• [Task item] Pick every line out of the entries below that holds the string "color", and report them.

• [Data items]
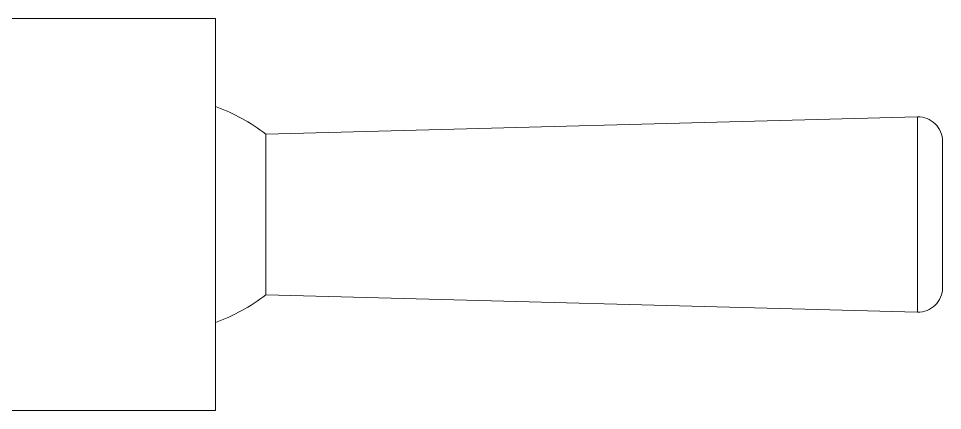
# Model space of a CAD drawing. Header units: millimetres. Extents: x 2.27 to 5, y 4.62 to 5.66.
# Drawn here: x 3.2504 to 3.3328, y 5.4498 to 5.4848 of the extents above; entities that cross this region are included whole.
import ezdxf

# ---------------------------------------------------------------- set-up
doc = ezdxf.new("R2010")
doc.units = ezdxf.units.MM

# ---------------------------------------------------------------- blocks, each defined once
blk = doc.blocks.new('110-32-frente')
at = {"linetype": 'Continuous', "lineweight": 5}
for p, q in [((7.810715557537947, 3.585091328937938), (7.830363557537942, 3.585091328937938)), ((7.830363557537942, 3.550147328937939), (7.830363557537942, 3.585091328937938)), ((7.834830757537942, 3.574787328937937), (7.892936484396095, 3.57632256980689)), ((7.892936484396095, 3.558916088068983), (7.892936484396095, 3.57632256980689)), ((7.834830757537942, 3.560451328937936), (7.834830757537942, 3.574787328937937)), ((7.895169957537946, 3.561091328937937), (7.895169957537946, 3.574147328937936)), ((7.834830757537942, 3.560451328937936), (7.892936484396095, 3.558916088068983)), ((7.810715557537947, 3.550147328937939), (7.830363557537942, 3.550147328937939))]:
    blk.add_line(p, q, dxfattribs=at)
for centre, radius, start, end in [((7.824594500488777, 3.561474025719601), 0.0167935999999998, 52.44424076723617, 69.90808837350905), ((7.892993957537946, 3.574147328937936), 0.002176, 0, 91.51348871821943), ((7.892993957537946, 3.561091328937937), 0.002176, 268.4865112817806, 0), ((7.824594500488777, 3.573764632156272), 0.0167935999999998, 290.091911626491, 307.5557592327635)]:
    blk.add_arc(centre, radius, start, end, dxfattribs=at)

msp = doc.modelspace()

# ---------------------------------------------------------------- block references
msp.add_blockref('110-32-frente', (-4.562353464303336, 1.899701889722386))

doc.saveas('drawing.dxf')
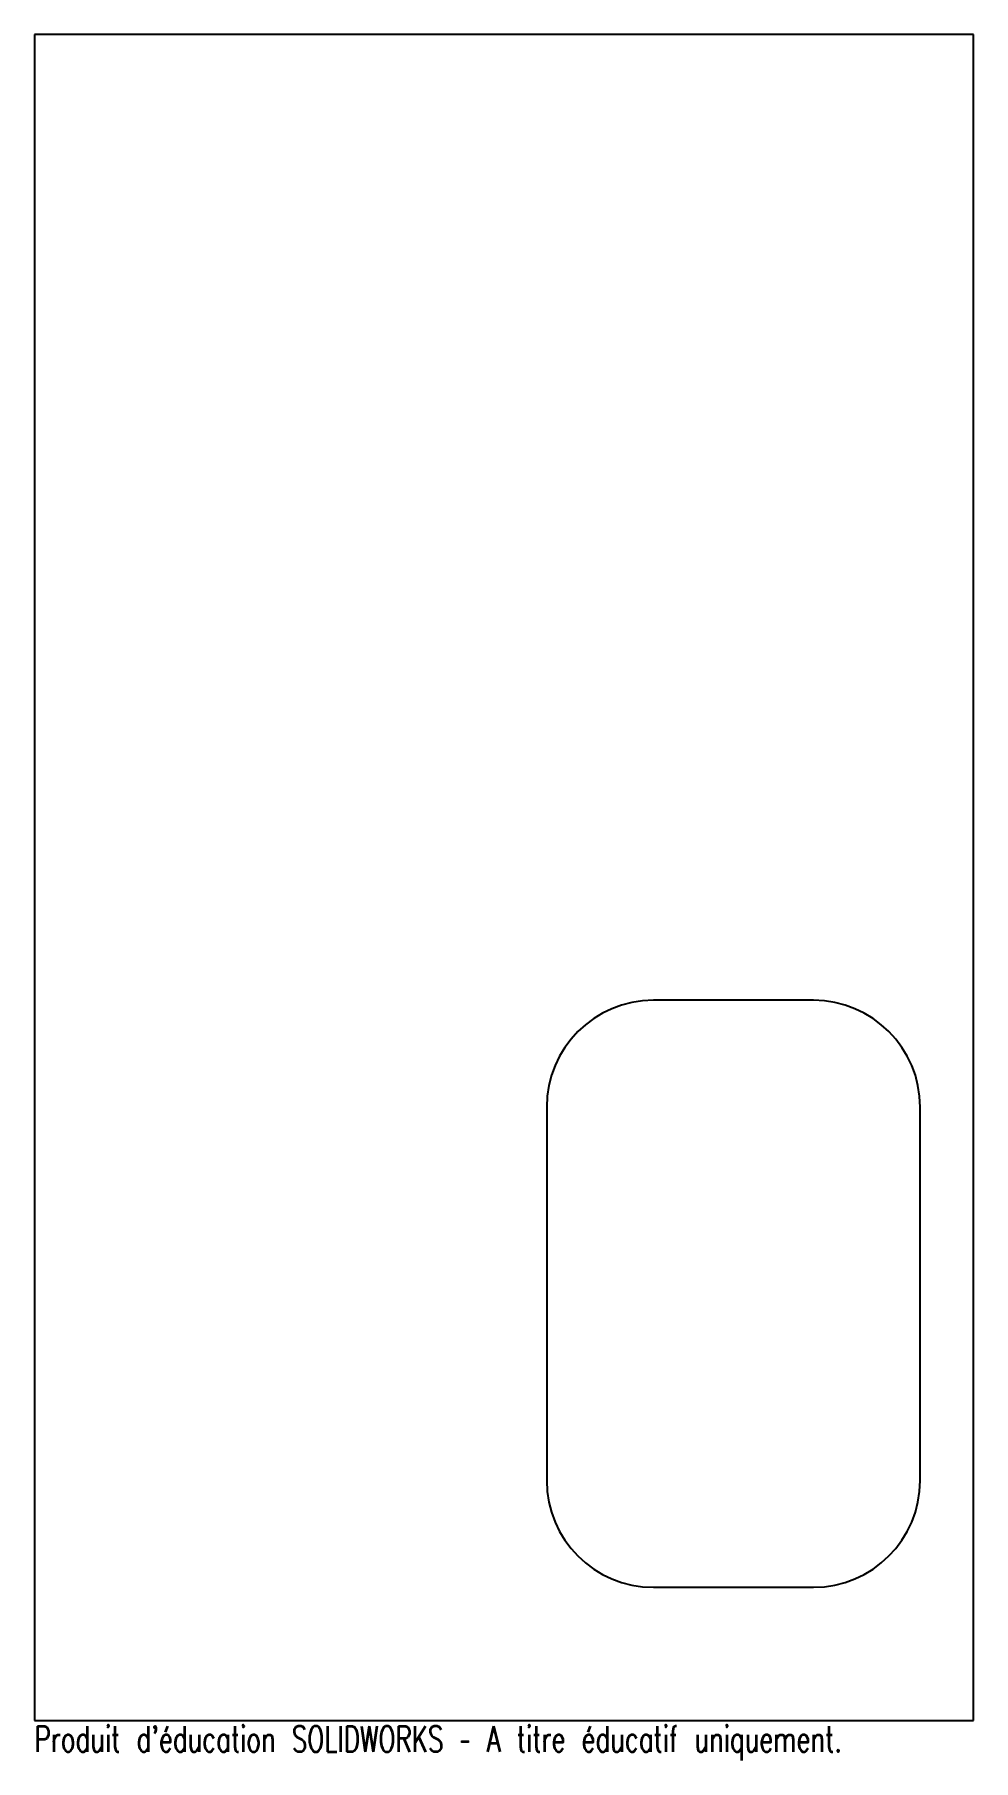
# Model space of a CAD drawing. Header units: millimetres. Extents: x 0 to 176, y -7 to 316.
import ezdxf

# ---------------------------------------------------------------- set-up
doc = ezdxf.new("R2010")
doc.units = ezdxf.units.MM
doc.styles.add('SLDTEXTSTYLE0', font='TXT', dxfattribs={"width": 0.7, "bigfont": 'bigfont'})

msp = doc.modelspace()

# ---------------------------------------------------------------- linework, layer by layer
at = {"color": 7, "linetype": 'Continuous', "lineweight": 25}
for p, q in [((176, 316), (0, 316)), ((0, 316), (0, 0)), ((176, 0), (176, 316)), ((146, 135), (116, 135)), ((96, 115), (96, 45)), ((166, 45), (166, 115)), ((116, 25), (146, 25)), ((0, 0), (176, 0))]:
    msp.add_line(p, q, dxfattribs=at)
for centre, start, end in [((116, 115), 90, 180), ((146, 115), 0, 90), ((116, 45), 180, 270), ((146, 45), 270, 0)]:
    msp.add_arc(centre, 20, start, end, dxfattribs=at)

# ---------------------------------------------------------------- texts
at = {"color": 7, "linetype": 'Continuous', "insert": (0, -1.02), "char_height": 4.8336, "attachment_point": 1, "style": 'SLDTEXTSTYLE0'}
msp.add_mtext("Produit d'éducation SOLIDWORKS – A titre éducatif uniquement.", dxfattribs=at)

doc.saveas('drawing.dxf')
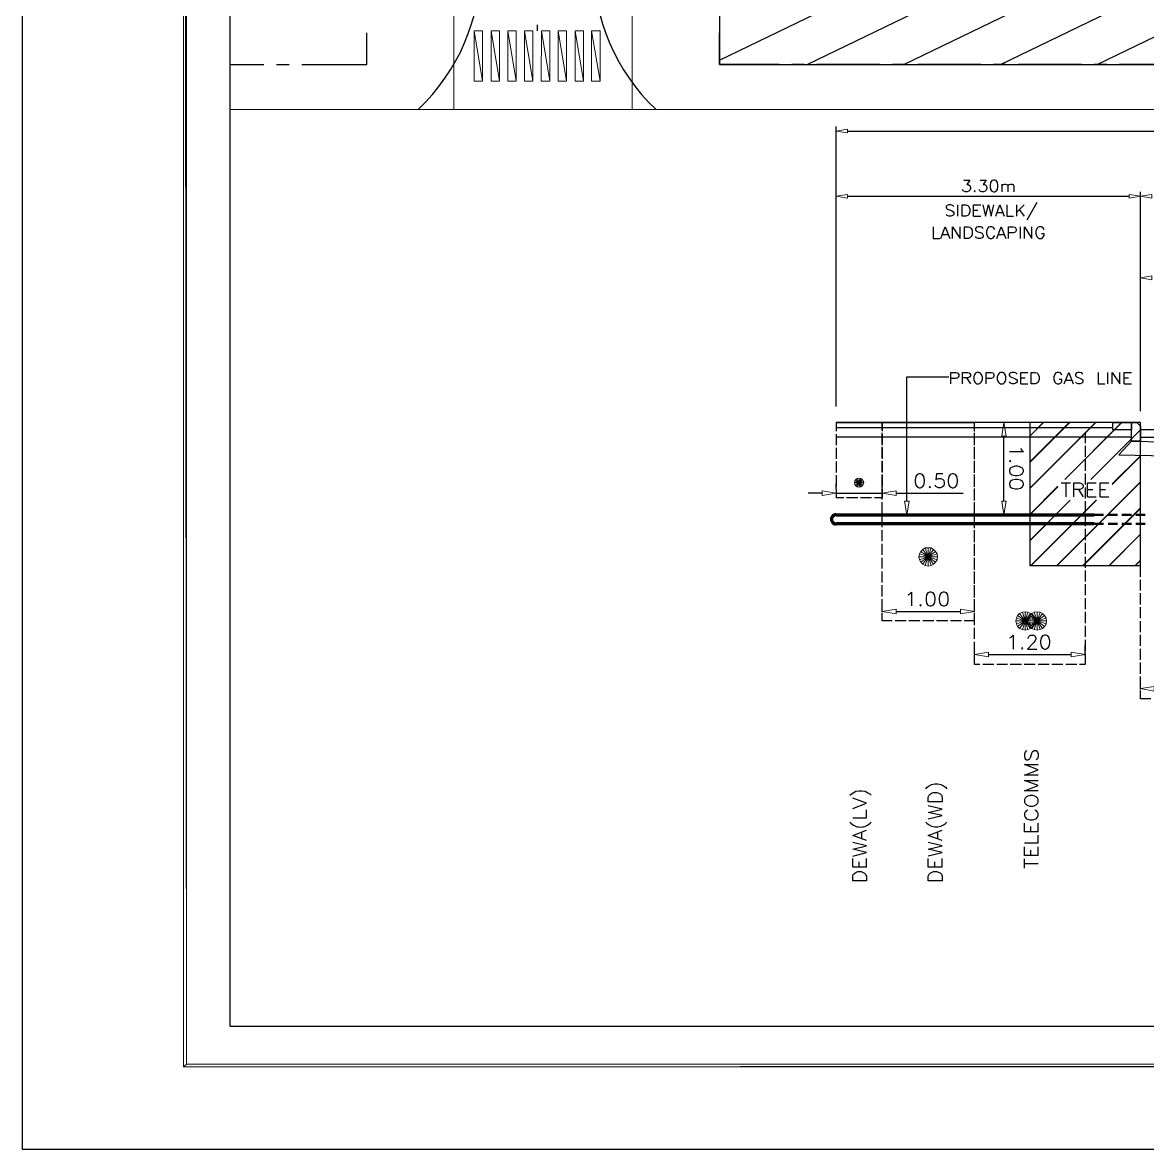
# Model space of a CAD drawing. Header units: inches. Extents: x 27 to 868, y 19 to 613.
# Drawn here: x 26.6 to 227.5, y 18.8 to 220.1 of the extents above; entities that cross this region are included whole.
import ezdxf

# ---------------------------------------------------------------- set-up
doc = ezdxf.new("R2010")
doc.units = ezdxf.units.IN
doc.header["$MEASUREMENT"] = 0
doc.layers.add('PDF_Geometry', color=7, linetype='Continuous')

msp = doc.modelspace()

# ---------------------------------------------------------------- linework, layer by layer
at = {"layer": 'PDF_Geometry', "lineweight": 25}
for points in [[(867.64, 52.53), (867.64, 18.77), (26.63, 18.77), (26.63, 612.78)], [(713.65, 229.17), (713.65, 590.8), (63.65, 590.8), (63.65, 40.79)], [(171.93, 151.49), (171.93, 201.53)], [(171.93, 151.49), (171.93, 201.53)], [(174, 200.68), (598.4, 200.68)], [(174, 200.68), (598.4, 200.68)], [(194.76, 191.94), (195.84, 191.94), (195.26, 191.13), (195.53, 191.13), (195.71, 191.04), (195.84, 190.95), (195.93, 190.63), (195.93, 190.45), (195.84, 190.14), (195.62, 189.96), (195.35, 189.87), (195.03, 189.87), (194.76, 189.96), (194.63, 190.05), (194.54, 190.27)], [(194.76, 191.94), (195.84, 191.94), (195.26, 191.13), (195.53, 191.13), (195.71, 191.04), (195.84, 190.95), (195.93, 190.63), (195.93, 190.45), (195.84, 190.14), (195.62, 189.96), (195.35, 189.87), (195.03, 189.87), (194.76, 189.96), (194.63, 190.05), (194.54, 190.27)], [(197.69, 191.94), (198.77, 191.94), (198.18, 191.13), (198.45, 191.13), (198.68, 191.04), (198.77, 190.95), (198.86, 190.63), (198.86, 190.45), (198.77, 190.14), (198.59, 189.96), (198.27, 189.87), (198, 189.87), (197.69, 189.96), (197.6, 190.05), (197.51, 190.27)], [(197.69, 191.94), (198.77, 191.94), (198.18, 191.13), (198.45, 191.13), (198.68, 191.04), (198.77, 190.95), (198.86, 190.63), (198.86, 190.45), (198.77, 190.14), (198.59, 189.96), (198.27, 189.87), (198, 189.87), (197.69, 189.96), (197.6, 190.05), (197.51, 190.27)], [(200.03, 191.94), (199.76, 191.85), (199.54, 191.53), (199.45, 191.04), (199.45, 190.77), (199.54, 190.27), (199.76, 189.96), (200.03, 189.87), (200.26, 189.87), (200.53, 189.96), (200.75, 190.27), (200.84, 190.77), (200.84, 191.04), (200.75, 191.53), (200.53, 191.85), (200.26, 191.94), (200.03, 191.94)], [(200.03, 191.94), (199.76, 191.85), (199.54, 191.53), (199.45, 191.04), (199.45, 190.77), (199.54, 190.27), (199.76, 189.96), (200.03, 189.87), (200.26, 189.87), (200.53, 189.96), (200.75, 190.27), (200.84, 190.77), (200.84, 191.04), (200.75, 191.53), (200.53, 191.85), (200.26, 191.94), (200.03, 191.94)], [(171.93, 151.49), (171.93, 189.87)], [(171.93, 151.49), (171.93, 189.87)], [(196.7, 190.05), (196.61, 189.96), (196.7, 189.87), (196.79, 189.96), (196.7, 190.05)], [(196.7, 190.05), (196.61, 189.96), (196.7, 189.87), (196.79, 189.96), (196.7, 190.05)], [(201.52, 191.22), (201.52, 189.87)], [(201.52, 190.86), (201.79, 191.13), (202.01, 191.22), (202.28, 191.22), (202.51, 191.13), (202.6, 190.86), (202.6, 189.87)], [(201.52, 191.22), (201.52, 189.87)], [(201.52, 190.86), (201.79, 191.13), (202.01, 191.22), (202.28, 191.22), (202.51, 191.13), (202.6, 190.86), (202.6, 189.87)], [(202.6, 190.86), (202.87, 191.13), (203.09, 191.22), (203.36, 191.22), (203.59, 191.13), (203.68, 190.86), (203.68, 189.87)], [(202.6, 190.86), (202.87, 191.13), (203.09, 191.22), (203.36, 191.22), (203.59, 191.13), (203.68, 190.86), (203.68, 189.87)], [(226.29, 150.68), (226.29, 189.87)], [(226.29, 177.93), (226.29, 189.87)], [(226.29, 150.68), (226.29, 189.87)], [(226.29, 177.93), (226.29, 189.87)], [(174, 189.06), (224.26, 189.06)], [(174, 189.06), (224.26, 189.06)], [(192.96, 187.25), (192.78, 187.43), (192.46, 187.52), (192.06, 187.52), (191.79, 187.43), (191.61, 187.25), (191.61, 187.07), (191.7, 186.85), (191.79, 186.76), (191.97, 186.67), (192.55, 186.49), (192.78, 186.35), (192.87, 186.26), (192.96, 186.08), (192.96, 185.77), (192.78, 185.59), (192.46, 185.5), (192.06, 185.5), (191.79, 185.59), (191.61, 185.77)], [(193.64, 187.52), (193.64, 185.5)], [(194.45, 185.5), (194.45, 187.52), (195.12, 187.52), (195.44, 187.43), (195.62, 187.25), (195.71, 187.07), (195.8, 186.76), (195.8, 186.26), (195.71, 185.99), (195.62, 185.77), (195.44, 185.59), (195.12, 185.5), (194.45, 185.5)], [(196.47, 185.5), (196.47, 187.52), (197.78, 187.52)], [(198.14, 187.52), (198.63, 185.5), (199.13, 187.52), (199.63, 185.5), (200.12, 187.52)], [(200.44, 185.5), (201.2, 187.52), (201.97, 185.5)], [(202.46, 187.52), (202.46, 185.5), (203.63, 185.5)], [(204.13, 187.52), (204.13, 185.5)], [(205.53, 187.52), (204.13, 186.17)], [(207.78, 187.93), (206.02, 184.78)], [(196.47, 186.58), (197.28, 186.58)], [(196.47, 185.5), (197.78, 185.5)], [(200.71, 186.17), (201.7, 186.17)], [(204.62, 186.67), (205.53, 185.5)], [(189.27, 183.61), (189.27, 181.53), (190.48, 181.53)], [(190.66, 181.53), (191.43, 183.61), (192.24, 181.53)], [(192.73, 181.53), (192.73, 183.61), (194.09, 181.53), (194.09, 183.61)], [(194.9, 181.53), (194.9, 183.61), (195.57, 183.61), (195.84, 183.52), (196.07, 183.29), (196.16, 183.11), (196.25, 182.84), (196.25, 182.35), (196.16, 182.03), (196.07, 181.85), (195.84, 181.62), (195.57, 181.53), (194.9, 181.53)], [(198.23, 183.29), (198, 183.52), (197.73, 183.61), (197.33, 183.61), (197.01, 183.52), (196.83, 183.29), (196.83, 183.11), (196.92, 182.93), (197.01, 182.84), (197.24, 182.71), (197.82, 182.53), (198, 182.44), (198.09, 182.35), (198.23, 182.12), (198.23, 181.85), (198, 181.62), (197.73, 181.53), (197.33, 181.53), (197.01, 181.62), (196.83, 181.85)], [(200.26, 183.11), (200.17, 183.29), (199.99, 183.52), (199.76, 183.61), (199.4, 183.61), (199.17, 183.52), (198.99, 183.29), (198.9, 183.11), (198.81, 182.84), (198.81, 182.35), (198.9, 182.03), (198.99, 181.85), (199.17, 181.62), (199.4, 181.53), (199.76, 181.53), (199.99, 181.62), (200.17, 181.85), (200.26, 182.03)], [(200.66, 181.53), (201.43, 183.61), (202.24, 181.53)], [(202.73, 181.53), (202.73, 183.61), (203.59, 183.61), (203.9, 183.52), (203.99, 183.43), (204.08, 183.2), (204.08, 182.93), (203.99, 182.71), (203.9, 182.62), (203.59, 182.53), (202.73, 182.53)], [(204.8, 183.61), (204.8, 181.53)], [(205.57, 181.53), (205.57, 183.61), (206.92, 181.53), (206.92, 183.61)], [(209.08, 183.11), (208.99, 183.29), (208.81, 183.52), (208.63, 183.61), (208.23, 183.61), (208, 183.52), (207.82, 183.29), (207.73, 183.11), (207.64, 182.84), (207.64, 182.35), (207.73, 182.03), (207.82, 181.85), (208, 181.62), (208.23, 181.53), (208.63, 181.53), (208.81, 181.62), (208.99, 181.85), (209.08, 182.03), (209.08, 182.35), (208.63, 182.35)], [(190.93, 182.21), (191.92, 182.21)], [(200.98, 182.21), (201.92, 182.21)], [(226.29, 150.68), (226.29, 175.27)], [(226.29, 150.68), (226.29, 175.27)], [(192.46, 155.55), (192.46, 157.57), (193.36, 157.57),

• [Answer]
at = {"color": 7, "linetype": 'Continuous', "lineweight": 25}
at = {"color": 7, "linetype": 'Continuous', "insert": (0, -1.02), "char_height": 4.8336, "attachment_point": 1, "style": 'SLDTEXTSTYLE0'}
doc.layers.add('PDF_Geometry', color=7, linetype='Continuous')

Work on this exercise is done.